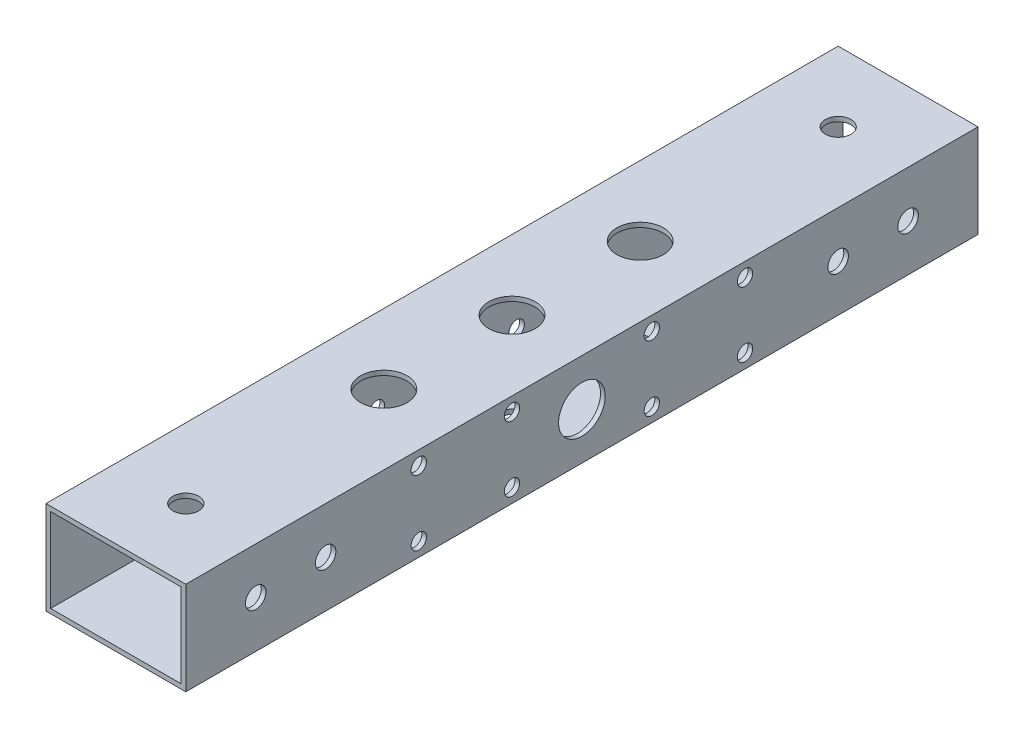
ISO-10303-21;
HEADER;
FILE_DESCRIPTION(('STEP AP214'),'2;1');
FILE_NAME('part.step','',(''),(''),'','','');
FILE_SCHEMA(('AUTOMOTIVE_DESIGN { 1 0 10303 214 1 1 1 1 }'));
ENDSEC;
DATA;
#1=APPLICATION_CONTEXT('core data for automotive mechanical design processes');
#2=APPLICATION_PROTOCOL_DEFINITION('international standard','automotive_design',2000,#1);
#3=PRODUCT_CONTEXT('',#1,'mechanical');
#4=PRODUCT('Part','Part','',(#3));
#5=PRODUCT_RELATED_PRODUCT_CATEGORY('part','',(#4));
#6=PRODUCT_DEFINITION_FORMATION('','',#4);
#7=PRODUCT_DEFINITION_CONTEXT('part definition',#1,'design');
#8=PRODUCT_DEFINITION('design','',#6,#7);
#9=PRODUCT_DEFINITION_SHAPE('','',#8);
#10=(LENGTH_UNIT() NAMED_UNIT(*) SI_UNIT(.MILLI.,.METRE.));
#11=(NAMED_UNIT(*) PLANE_ANGLE_UNIT() SI_UNIT($,.RADIAN.));
#12=(NAMED_UNIT(*) SI_UNIT($,.STERADIAN.) SOLID_ANGLE_UNIT());
#13=UNCERTAINTY_MEASURE_WITH_UNIT(LENGTH_MEASURE(1.E-05),#10,'distance_accuracy_value','');
#14=(GEOMETRIC_REPRESENTATION_CONTEXT(3) GLOBAL_UNCERTAINTY_ASSIGNED_CONTEXT((#13)) GLOBAL_UNIT_ASSIGNED_CONTEXT((#10,
#11,#12)) REPRESENTATION_CONTEXT('',''));
#15=CARTESIAN_POINT('',(0.,0.,0.));
#16=DIRECTION('',(0.,0.,1.));
#17=DIRECTION('',(1.,0.,0.));
#18=AXIS2_PLACEMENT_3D('',#15,#16,#17);
#19=CARTESIAN_POINT('',(-14.,-9.,170.));
#20=DIRECTION('',(0.,1.,0.));
#21=DIRECTION('',(1.,0.,0.));
#22=AXIS2_PLACEMENT_3D('',#19,#20,#21);
#23=PLANE('',#22);
#24=CARTESIAN_POINT('',(0.,-9.,85.));
#25=DIRECTION('',(0.,1.,0.));
#26=DIRECTION('',(0.,0.,1.));
#27=AXIS2_PLACEMENT_3D('',#24,#25,#26);
#28=CIRCLE('',#27,2.2);
#29=CARTESIAN_POINT('',(0.,-9.,87.2));
#30=VERTEX_POINT('',#29);
#31=EDGE_CURVE('E229',#30,#30,#28,.T.);
#32=ORIENTED_EDGE('',*,*,#31,.F.);
#33=EDGE_LOOP('',(#32));
#34=FACE_BOUND('',#33,.T.);
#35=CARTESIAN_POINT('',(0.,-9.,57.5));
#36=DIRECTION('',(0.,1.,0.));
#37=DIRECTION('',(0.,0.,1.));
#38=AXIS2_PLACEMENT_3D('',#35,#36,#37);
#39=CIRCLE('',#38,2.2);
#40=CARTESIAN_POINT('',(0.,-9.,59.7));
#41=VERTEX_POINT('',#40);
#42=EDGE_CURVE('E230',#41,#41,#39,.T.);
#43=ORIENTED_EDGE('',*,*,#42,.F.);
#44=EDGE_LOOP('',(#43));
#45=FACE_BOUND('',#44,.T.);
#46=CARTESIAN_POINT('',(0.,-9.,112.5));
#47=DIRECTION('',(0.,1.,0.));
#48=DIRECTION('',(0.,0.,1.));
#49=AXIS2_PLACEMENT_3D('',#46,#47,#48);
#50=CIRCLE('',#49,2.2);
#51=CARTESIAN_POINT('',(0.,-9.,114.7));
#52=VERTEX_POINT('',#51);
#53=EDGE_CURVE('E247',#52,#52,#50,.T.);
#54=ORIENTED_EDGE('',*,*,#53,.F.);
#55=EDGE_LOOP('',(#54));
#56=FACE_BOUND('',#55,.T.);
#57=DIRECTION('',(1.,0.,0.));
#58=VECTOR('',#57,1.);
#59=CARTESIAN_POINT('',(-14.,-9.,0.));
#60=LINE('',#59,#58);
#61=CARTESIAN_POINT('',(-14.,-9.,0.));
#62=VERTEX_POINT('',#61);
#63=CARTESIAN_POINT('',(14.,-9.,0.));
#64=VERTEX_POINT('',#63);
#65=EDGE_CURVE('E172',#62,#64,#60,.T.);
#66=ORIENTED_EDGE('',*,*,#65,.F.);
#67=DIRECTION('',(0.,0.,-1.));
#68=VECTOR('',#67,1.);
#69=CARTESIAN_POINT('',(-14.,-9.,170.));
#70=LINE('',#69,#68);
#71=CARTESIAN_POINT('',(-14.,-9.,170.));
#72=VERTEX_POINT('',#71);
#73=EDGE_CURVE('E11',#72,#62,#70,.T.);
#74=ORIENTED_EDGE('',*,*,#73,.F.);
#75=DIRECTION('',(1.,0.,0.));
#76=VECTOR('',#75,1.);
#77=CARTESIAN_POINT('',(-14.,-9.,170.));
#78=LINE('',#77,#76);
#79=CARTESIAN_POINT('',(14.,-9.,170.));
#80=VERTEX_POINT('',#79);
#81=EDGE_CURVE('E148',#72,#80,#78,.T.);
#82=ORIENTED_EDGE('',*,*,#81,.T.);
#83=DIRECTION('',(0.,0.,-1.));
#84=VECTOR('',#83,1.);
#85=CARTESIAN_POINT('',(14.,-9.,170.));
#86=LINE('',#85,#84);
#87=EDGE_CURVE('E192',#80,#64,#86,.T.);
#88=ORIENTED_EDGE('',*,*,#87,.T.);
#89=EDGE_LOOP('',(#66,#74,#82,#88));
#90=FACE_BOUND('',#89,.T.);
#91=ADVANCED_FACE('F17',(#34,#45,#56,#90),#23,.T.);
#92=CARTESIAN_POINT('',(-14.,-9.,170.));
#93=DIRECTION('',(1.,0.,0.));
#94=DIRECTION('',(0.,1.,0.));
#95=AXIS2_PLACEMENT_3D('',#92,#93,#94);
#96=PLANE('',#95);
#97=CARTESIAN_POINT('',(-14.,0.,15.));
#98=DIRECTION('',(1.,0.,0.));
#99=DIRECTION('',(0.,0.,-1.));
#100=AXIS2_PLACEMENT_3D('',#97,#98,#99);
#101=CIRCLE('',#100,2.2);
#102=CARTESIAN_POINT('',(-14.,0.,12.8));
#103=VERTEX_POINT('',#102);
#104=EDGE_CURVE('E139',#103,#103,#101,.T.);
#105=ORIENTED_EDGE('',*,*,#104,.F.);
#106=EDGE_LOOP('',(#105));
#107=FACE_BOUND('',#106,.T.);
#108=CARTESIAN_POINT('',(-14.,0.,30.));
#109=DIRECTION('',(1.,0.,0.));
#110=DIRECTION('',(0.,0.,-1.));
#111=AXIS2_PLACEMENT_3D('',#108,#109,#110);
#112=CIRCLE('',#111,2.2);
#113=CARTESIAN_POINT('',(-14.,0.,27.8));
#114=VERTEX_POINT('',#113);
#115=EDGE_CURVE('E295',#114,#114,#112,.T.);
#116=ORIENTED_EDGE('',*,*,#115,.F.);
#117=EDGE_LOOP('',(#116));
#118=FACE_BOUND('',#117,.T.);
#119=CARTESIAN_POINT('',(-14.,0.,140.));
#120=DIRECTION('',(1.,0.,0.));
#121=DIRECTION('',(0.,0.,-1.));
#122=AXIS2_PLACEMENT_3D('',#119,#120,#121);
#123=CIRCLE('',#122,2.2);
#124=CARTESIAN_POINT('',(-14.,0.,137.8));
#125=VERTEX_POINT('',#124);
#126=EDGE_CURVE('E296',#125,#125,#123,.T.);
#127=ORIENTED_EDGE('',*,*,#126,.F.);
#128=EDGE_LOOP('',(#127));
#129=FACE_BOUND('',#128,.T.);
#130=CARTESIAN_POINT('',(-14.,0.,155.));
#131=DIRECTION('',(1.,0.,0.));
#132=DIRECTION('',(0.,0.,-1.));
#133=AXIS2_PLACEMENT_3D('',#130,#131,#132);
#134=CIRCLE('',#133,2.2);
#135=CARTESIAN_POINT('',(-14.,0.,152.8));
#136=VERTEX_POINT('',#135);
#137=EDGE_CURVE('E262',#136,#136,#134,.T.);
#138=ORIENTED_EDGE('',*,*,#137,.F.);
#139=EDGE_LOOP('',(#138));
#140=FACE_BOUND('',#139,.T.);
#141=CARTESIAN_POINT('',(-14.,0.,85.));
#142=DIRECTION('',(1.,0.,0.));
#143=DIRECTION('',(0.,0.,-1.));
#144=AXIS2_PLACEMENT_3D('',#141,#142,#143);
#145=CIRCLE('',#144,5.);
#146=CARTESIAN_POINT('',(-14.,0.,80.));
#147=VERTEX_POINT('',#146);
#148=EDGE_CURVE('E334',#147,#147,#145,.T.);
#149=ORIENTED_EDGE('',*,*,#148,.F.);
#150=EDGE_LOOP('',(#149));
#151=FACE_BOUND('',#150,.T.);
#152=CARTESIAN_POINT('',(-14.,-7.,50.));
#153=DIRECTION('',(1.,0.,0.));
#154=DIRECTION('',(0.,0.,-1.));
#155=AXIS2_PLACEMENT_3D('',#152,#153,#154);
#156=CIRCLE('',#155,1.65);
#157=CARTESIAN_POINT('',(-14.,-7.,48.35));
#158=VERTEX_POINT('',#157);
#159=EDGE_CURVE('E447',#158,#158,#156,.T.);
#160=ORIENTED_EDGE('',*,*,#159,.F.);
#161=EDGE_LOOP('',(#160));
#162=FACE_BOUND('',#161,.T.);
#163=CARTESIAN_POINT('',(-14.,-7.,70.));
#164=DIRECTION('',(1.,0.,0.));
#165=DIRECTION('',(0.,0.,-1.));
#166=AXIS2_PLACEMENT_3D('',#163,#164,#165);
#167=CIRCLE('',#166,1.65);
#168=CARTESIAN_POINT('',(-14.,-7.,68.35));
#169=VERTEX_POINT('',#168);
#170=EDGE_CURVE('E439',#169,#169,#167,.T.);
#171=ORIENTED_EDGE('',*,*,#170,.F.);
#172=EDGE_LOOP('',(#171));
#173=FACE_BOUND('',#172,.T.);
#174=CARTESIAN_POINT('',(-14.,-7.,100.));
#175=DIRECTION('',(1.,0.,0.));
#176=DIRECTION('',(0.,0.,-1.));
#177=AXIS2_PLACEMENT_3D('',#174,#175,#176);
#178=CIRCLE('',#177,1.65);
#179=CARTESIAN_POINT('',(-14.,-7.,98.35));
#180=VERTEX_POINT('',#179);
#181=EDGE_CURVE('E431',#180,#180,#178,.T.);
#182=ORIENTED_EDGE('',*,*,#181,.F.);
#183=EDGE_LOOP('',(#182));
#184=FACE_BOUND('',#183,.T.);
#185=CARTESIAN_POINT('',(-14.,-7.,120.));
#186=DIRECTION('',(1.,0.,0.));
#187=DIRECTION('',(0.,0.,-1.));
#188=AXIS2_PLACEMENT_3D('',#185,#186,#187);
#189=CIRCLE('',#188,1.65);
#190=CARTESIAN_POINT('',(-14.,-7.,118.35));
#191=VERTEX_POINT('',#190);
#192=EDGE_CURVE('E420',#191,#191,#189,.T.);
#193=ORIENTED_EDGE('',*,*,#192,.F.);
#194=EDGE_LOOP('',(#193));
#195=FACE_BOUND('',#194,.T.);
#196=CARTESIAN_POINT('',(-14.,7.,120.));
#197=DIRECTION('',(1.,0.,0.));
#198=DIRECTION('',(0.,0.,-1.));
#199=AXIS2_PLACEMENT_3D('',#196,#197,#198);
#200=CIRCLE('',#199,1.65);
#201=CARTESIAN_POINT('',(-14.,7.,118.35));
#202=VERTEX_POINT('',#201);
#203=EDGE_CURVE('E412',#202,#202,#200,.T.);
#204=ORIENTED_EDGE('',*,*,#203,.F.);
#205=EDGE_LOOP('',(#204));
#206=FACE_BOUND('',#205,.T.);
#207=CARTESIAN_POINT('',(-14.,7.,100.));
#208=DIRECTION('',(1.,0.,0.));
#209=DIRECTION('',(0.,0.,-1.));
#210=AXIS2_PLACEMENT_3D('',#207,#208,#209);
#211=CIRCLE('',#210,1.65);
#212=CARTESIAN_POINT('',(-14.,7.,98.35));
#213=VERTEX_POINT('',#212);
#214=EDGE_CURVE('E400',#213,#213,#211,.T.);
#215=ORIENTED_EDGE('',*,*,#214,.F.);
#216=EDGE_LOOP('',(#215));
#217=FACE_BOUND('',#216,.T.);
#218=CARTESIAN_POINT('',(-14.,7.,70.));
#219=DIRECTION('',(1.,0.,0.));
#220=DIRECTION('',(0.,0.,-1.));
#221=AXIS2_PLACEMENT_3D('',#218,#219,#220);
#222=CIRCLE('',#221,1.65);
#223=CARTESIAN_POINT('',(-14.,7.,68.35));
#224=VERTEX_POINT('',#223);
#225=EDGE_CURVE('E322',#224,#224,#222,.T.);
#226=ORIENTED_EDGE('',*,*,#225,.F.);
#227=EDGE_LOOP('',(#226));
#228=FACE_BOUND('',#227,.T.);
#229=CARTESIAN_POINT('',(-14.,7.,50.));
#230=DIRECTION('',(1.,0.,0.));
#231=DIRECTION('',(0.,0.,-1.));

-=-=-=-=-

Copy out nothing but the lines from the beginning of the records through the one that contains "#11,#12)) REPRESENTATION_CONTEXT('',''));". Skip the pictures.

ISO-10303-21;
HEADER;
FILE_DESCRIPTION(('STEP AP214'),'2;1');
FILE_NAME('part.step','',(''),(''),'','','');
FILE_SCHEMA(('AUTOMOTIVE_DESIGN { 1 0 10303 214 1 1 1 1 }'));
ENDSEC;
DATA;
#1=APPLICATION_CONTEXT('core data for automotive mechanical design processes');
#2=APPLICATION_PROTOCOL_DEFINITION('international standard','automotive_design',2000,#1);
#3=PRODUCT_CONTEXT('',#1,'mechanical');
#4=PRODUCT('Part','Part','',(#3));
#5=PRODUCT_RELATED_PRODUCT_CATEGORY('part','',(#4));
#6=PRODUCT_DEFINITION_FORMATION('','',#4);
#7=PRODUCT_DEFINITION_CONTEXT('part definition',#1,'design');
#8=PRODUCT_DEFINITION('design','',#6,#7);
#9=PRODUCT_DEFINITION_SHAPE('','',#8);
#10=(LENGTH_UNIT() NAMED_UNIT(*) SI_UNIT(.MILLI.,.METRE.));
#11=(NAMED_UNIT(*) PLANE_ANGLE_UNIT() SI_UNIT($,.RADIAN.));
#12=(NAMED_UNIT(*) SI_UNIT($,.STERADIAN.) SOLID_ANGLE_UNIT());
#13=UNCERTAINTY_MEASURE_WITH_UNIT(LENGTH_MEASURE(1.E-05),#10,'distance_accuracy_value','');
#14=(GEOMETRIC_REPRESENTATION_CONTEXT(3) GLOBAL_UNCERTAINTY_ASSIGNED_CONTEXT((#13)) GLOBAL_UNIT_ASSIGNED_CONTEXT((#10,
#11,#12)) REPRESENTATION_CONTEXT('',''));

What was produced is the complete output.